Enterprises commonly automate the deployment of services. They can use juju-quickstart, juju-deployer, landscape autopilot, or their own bespoke script to bootstrap an environment and deploy services. It works repeatedly, reliably for many weeks or months, until a new micro version of juju is placed in the streams. The enterprise sees failures in many ways, commonly the deployment fails because the script lost connection to its watcher, or the juju failed to upgrade at the same moment that charms are installing and configuring services.

When a juju state-server is bootstrapped one its first actions, is to query streams, and start an upgrade to the highest micro version for its major.minor version. eg, the juju client installed 1.22.1, and the current version in streams is 1.22.3, start upgrading. This upgrade will complete in less than a minute. A savvy script bootstrapping an env would wait for an upgrade to complete because upgrading a single state-server is faster and more reliable that upgrading services too.

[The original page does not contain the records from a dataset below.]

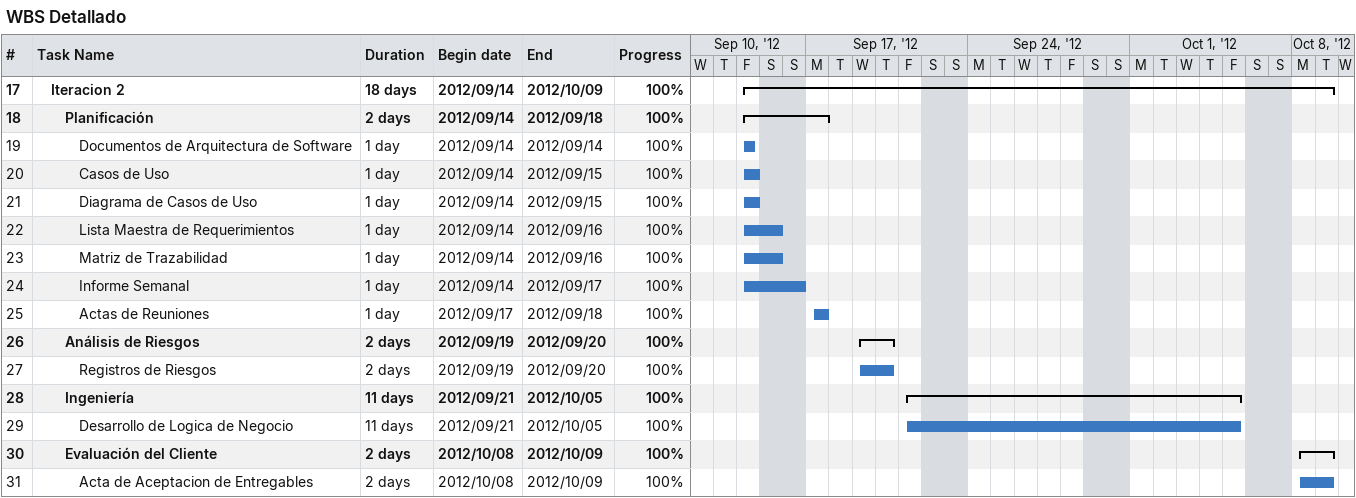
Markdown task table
WBS Detallado

| ID | Level | Task | Duration | Start | Finish | % complete |
|---|---|---|---|---|---|---|
| 17 | 2 | **Iteracion 2** | 18d | 2012-09-14 | 2012-10-09 | 100 |
| 18 | 3 | **Planificación** | 2d | 2012-09-14 | 2012-09-18 | 100 |
| 19 | 4 | Documentos de Arquitectura de Software | 1d | 2012-09-14 | 2012-09-14 | 100 |
| 20 | 4 | Casos de Uso | 1d | 2012-09-14 | 2012-09-15 | 100 |
| 21 | 4 | Diagrama de Casos de Uso | 1d | 2012-09-14 | 2012-09-15 | 100 |
| 22 | 4 | Lista Maestra de Requerimientos | 1d | 2012-09-14 | 2012-09-16 | 100 |
| 23 | 4 | Matriz de Trazabilidad | 1d | 2012-09-14 | 2012-09-16 | 100 |
| 24 | 4 | Informe Semanal | 1d | 2012-09-14 | 2012-09-17 | 100 |
| 25 | 4 | Actas de Reuniones | 1d | 2012-09-17 | 2012-09-18 | 100 |
| 26 | 3 | **Análisis de Riesgos** | 2d | 2012-09-19 | 2012-09-20 | 100 |
| 27 | 4 | Registros de Riesgos | 2d | 2012-09-19 | 2012-09-20 | 100 |
| 28 | 3 | **Ingeniería** | 11d | 2012-09-21 | 2012-10-05 | 100 |
| 29 | 4 | Desarrollo de Logica de Negocio | 11d | 2012-09-21 | 2012-10-05 | 100 |
| 30 | 3 | **Evaluación del Cliente** | 2d | 2012-10-08 | 2012-10-09 | 100 |
| 31 | 4 | Acta de Aceptacion de Entregables | 2d | 2012-10-08 | 2012-10-09 | 100 |

Enterprises do not like default behaviour however, and their tools were not written to account for this "surprising" behaviour. There are several strategies employed to ensure the state-server is exactly the version that was tested previously:

A. Juju CI and a few others set "agent-version: 1.22.1" to ensure the state-server matches the version under test. But many parties do not like this method because environments.yaml must change each time they upgrade to a new juju client (and server).

B. Canonical IS and many customers use --upload-tools to force the state-server to be a known version. This however make explicit upgrades VERY unpredictable because the juju-client selects agents based on the localhost's arch, series, and $PATH (which might include development jujus). There are several bugs about failed upgrades, and --upload-tools was a factor.

C. The company never uses current juju. They choose to use a version that is not getting updates, like 1.22.x which is not 1.23.x, except that we have delivered updates to their surprise.

Juju chooses to implicitly upgrade because it is a way to deliver compatibility fixes. Azure, AWS, and HP have changed their clouds, and we delivered a new micro version of juju a few days later to ensure juju "Just worked".

Several changes are needed to ensure enterprises have a reliable and repeatable experience:

1. All API clients must reconnect watchers when they are disconnected. They will be disconnected because of network issues as well as explicit disconnects durin upgrade-juju. The clients need to resume their work.

2.A If juju must upgrade, it needs to prevent clients from starting work until the upgrade is complete, this might mean bootstrap doesn't let go until the state-server is upgraded.

2.B Or juju stops implicit upgrades. No enterprises uses this feature; they work hard to disable it. Juju could instead inform the party that an upgrade is available (as is done for charms).